- **Records to process**
════════════════

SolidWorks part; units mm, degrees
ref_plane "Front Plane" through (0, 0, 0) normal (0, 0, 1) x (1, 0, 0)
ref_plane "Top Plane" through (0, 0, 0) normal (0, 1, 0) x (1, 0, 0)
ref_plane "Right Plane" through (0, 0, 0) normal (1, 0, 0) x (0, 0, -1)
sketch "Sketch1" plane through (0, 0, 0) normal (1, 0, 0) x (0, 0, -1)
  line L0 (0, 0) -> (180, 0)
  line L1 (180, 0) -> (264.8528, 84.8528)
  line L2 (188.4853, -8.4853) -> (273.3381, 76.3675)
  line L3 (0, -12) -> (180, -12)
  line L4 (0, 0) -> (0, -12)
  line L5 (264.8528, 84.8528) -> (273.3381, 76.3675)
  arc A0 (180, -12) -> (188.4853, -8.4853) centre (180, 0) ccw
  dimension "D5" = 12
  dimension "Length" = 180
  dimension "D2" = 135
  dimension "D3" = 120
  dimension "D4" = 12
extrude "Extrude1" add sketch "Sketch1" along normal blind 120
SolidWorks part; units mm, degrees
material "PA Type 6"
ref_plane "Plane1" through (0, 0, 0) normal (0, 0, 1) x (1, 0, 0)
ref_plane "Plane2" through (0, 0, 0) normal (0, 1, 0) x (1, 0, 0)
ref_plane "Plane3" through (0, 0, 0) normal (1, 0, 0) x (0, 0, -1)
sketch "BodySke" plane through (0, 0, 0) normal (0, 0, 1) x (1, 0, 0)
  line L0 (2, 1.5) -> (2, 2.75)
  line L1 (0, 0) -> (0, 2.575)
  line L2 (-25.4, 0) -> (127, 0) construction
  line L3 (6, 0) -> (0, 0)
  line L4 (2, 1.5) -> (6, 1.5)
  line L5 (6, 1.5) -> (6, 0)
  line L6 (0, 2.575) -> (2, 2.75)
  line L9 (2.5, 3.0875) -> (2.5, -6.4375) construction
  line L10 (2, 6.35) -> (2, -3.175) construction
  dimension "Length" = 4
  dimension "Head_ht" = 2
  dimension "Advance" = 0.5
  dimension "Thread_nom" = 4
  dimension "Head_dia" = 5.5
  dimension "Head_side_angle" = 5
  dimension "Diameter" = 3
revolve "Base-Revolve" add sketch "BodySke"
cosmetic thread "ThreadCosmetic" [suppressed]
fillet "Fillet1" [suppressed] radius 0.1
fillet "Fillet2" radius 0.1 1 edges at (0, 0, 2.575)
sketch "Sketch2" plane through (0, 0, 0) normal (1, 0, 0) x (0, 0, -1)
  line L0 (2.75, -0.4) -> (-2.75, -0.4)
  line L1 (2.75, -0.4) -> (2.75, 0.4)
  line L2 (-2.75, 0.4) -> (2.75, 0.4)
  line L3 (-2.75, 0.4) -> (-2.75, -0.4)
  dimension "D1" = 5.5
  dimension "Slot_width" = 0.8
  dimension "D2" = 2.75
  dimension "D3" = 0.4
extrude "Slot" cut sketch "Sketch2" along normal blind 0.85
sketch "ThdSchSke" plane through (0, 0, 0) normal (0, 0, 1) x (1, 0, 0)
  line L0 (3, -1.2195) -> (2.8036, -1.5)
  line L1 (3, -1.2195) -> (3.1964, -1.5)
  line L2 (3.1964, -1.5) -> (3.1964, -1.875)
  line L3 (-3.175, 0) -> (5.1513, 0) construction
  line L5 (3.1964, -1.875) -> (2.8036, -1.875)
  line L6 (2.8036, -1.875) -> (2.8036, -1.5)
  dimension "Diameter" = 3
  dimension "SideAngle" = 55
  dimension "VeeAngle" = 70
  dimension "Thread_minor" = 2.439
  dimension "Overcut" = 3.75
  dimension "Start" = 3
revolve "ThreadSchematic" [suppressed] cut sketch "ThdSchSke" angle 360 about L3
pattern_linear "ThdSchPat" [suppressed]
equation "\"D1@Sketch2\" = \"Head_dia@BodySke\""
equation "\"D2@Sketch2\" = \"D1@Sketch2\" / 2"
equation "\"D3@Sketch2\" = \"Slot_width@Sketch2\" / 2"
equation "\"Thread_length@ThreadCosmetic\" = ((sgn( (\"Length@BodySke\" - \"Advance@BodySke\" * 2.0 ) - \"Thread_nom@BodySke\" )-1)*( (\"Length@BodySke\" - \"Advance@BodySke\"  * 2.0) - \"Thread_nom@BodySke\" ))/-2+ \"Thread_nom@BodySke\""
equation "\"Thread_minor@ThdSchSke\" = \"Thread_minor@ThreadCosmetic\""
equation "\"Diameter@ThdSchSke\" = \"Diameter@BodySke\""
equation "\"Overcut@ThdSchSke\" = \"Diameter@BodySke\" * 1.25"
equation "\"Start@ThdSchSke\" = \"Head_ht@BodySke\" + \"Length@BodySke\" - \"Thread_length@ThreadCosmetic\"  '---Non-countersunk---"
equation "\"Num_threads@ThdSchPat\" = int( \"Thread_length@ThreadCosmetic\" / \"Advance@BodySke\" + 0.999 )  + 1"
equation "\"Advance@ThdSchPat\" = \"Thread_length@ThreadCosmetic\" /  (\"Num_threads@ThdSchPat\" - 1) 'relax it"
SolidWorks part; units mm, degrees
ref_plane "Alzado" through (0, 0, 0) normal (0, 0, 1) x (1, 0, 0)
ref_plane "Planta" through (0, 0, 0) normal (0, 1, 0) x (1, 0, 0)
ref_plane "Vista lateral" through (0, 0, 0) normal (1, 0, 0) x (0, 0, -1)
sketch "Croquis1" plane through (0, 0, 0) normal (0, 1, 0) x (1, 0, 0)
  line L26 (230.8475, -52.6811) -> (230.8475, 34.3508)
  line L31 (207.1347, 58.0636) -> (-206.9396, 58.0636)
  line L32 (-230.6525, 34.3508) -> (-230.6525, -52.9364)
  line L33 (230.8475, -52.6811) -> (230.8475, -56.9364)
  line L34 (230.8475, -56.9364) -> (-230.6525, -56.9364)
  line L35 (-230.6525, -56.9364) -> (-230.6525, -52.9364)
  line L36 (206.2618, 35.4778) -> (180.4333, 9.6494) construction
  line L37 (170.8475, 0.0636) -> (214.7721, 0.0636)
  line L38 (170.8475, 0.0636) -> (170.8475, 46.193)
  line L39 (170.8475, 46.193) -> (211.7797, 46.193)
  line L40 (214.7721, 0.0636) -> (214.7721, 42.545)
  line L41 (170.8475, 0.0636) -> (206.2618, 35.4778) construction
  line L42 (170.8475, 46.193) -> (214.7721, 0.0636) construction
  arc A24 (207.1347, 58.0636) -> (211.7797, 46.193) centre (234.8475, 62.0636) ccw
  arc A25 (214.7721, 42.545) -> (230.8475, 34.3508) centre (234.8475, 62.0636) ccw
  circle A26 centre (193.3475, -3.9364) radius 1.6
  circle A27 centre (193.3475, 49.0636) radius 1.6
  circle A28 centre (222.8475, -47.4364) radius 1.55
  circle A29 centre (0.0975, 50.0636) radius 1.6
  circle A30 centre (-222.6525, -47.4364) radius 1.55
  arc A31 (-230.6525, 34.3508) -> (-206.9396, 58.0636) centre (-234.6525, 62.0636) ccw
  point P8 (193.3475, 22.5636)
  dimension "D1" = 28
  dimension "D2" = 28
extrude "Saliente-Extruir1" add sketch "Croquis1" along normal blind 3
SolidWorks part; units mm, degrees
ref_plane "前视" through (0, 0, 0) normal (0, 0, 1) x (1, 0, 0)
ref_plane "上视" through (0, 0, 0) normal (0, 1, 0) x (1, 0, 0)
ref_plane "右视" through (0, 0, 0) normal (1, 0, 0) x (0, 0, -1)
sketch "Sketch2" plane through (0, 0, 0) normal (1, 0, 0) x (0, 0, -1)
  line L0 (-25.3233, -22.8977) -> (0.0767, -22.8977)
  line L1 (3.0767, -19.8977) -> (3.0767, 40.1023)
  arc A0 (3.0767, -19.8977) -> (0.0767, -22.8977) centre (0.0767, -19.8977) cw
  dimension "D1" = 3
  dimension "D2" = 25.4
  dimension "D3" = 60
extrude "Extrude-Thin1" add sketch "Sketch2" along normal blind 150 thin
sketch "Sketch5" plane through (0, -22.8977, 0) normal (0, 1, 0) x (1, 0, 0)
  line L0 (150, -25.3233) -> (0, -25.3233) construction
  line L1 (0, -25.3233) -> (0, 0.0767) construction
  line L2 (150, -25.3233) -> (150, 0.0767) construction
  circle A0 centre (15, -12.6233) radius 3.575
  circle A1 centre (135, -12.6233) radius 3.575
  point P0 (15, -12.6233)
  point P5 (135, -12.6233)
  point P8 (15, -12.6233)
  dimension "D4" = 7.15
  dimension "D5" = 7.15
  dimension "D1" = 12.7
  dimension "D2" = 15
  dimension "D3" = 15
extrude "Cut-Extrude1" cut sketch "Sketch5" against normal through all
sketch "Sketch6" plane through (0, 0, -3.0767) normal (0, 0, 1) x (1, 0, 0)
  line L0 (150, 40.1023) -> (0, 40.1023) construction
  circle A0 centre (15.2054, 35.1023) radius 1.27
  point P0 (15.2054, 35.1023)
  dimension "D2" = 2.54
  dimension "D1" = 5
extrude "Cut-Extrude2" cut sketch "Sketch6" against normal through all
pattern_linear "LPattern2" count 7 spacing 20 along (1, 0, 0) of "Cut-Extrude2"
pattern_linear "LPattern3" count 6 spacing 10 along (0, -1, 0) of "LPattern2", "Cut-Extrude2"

════════════════

Search the preceding listing for the word "Advance" and pull out every line that holds it.

- **Answer box**
  dimension "Advance" = 0.5
equation "\"Thread_length@ThreadCosmetic\" = ((sgn( (\"Length@BodySke\" - \"Advance@BodySke\" * 2.0 ) - \"Thread_nom@BodySke\" )-1)*( (\"Length@BodySke\" - \"Advance@BodySke\"  * 2.0) - \"Thread_nom@BodySke\" ))/-2+ \"Thread_nom@BodySke\""
equation "\"Num_threads@ThdSchPat\" = int( \"Thread_length@ThreadCosmetic\" / \"Advance@BodySke\" + 0.999 )  + 1"
equation "\"Advance@ThdSchPat\" = \"Thread_length@ThreadCosmetic\" /  (\"Num_threads@ThdSchPat\" - 1) 'relax it"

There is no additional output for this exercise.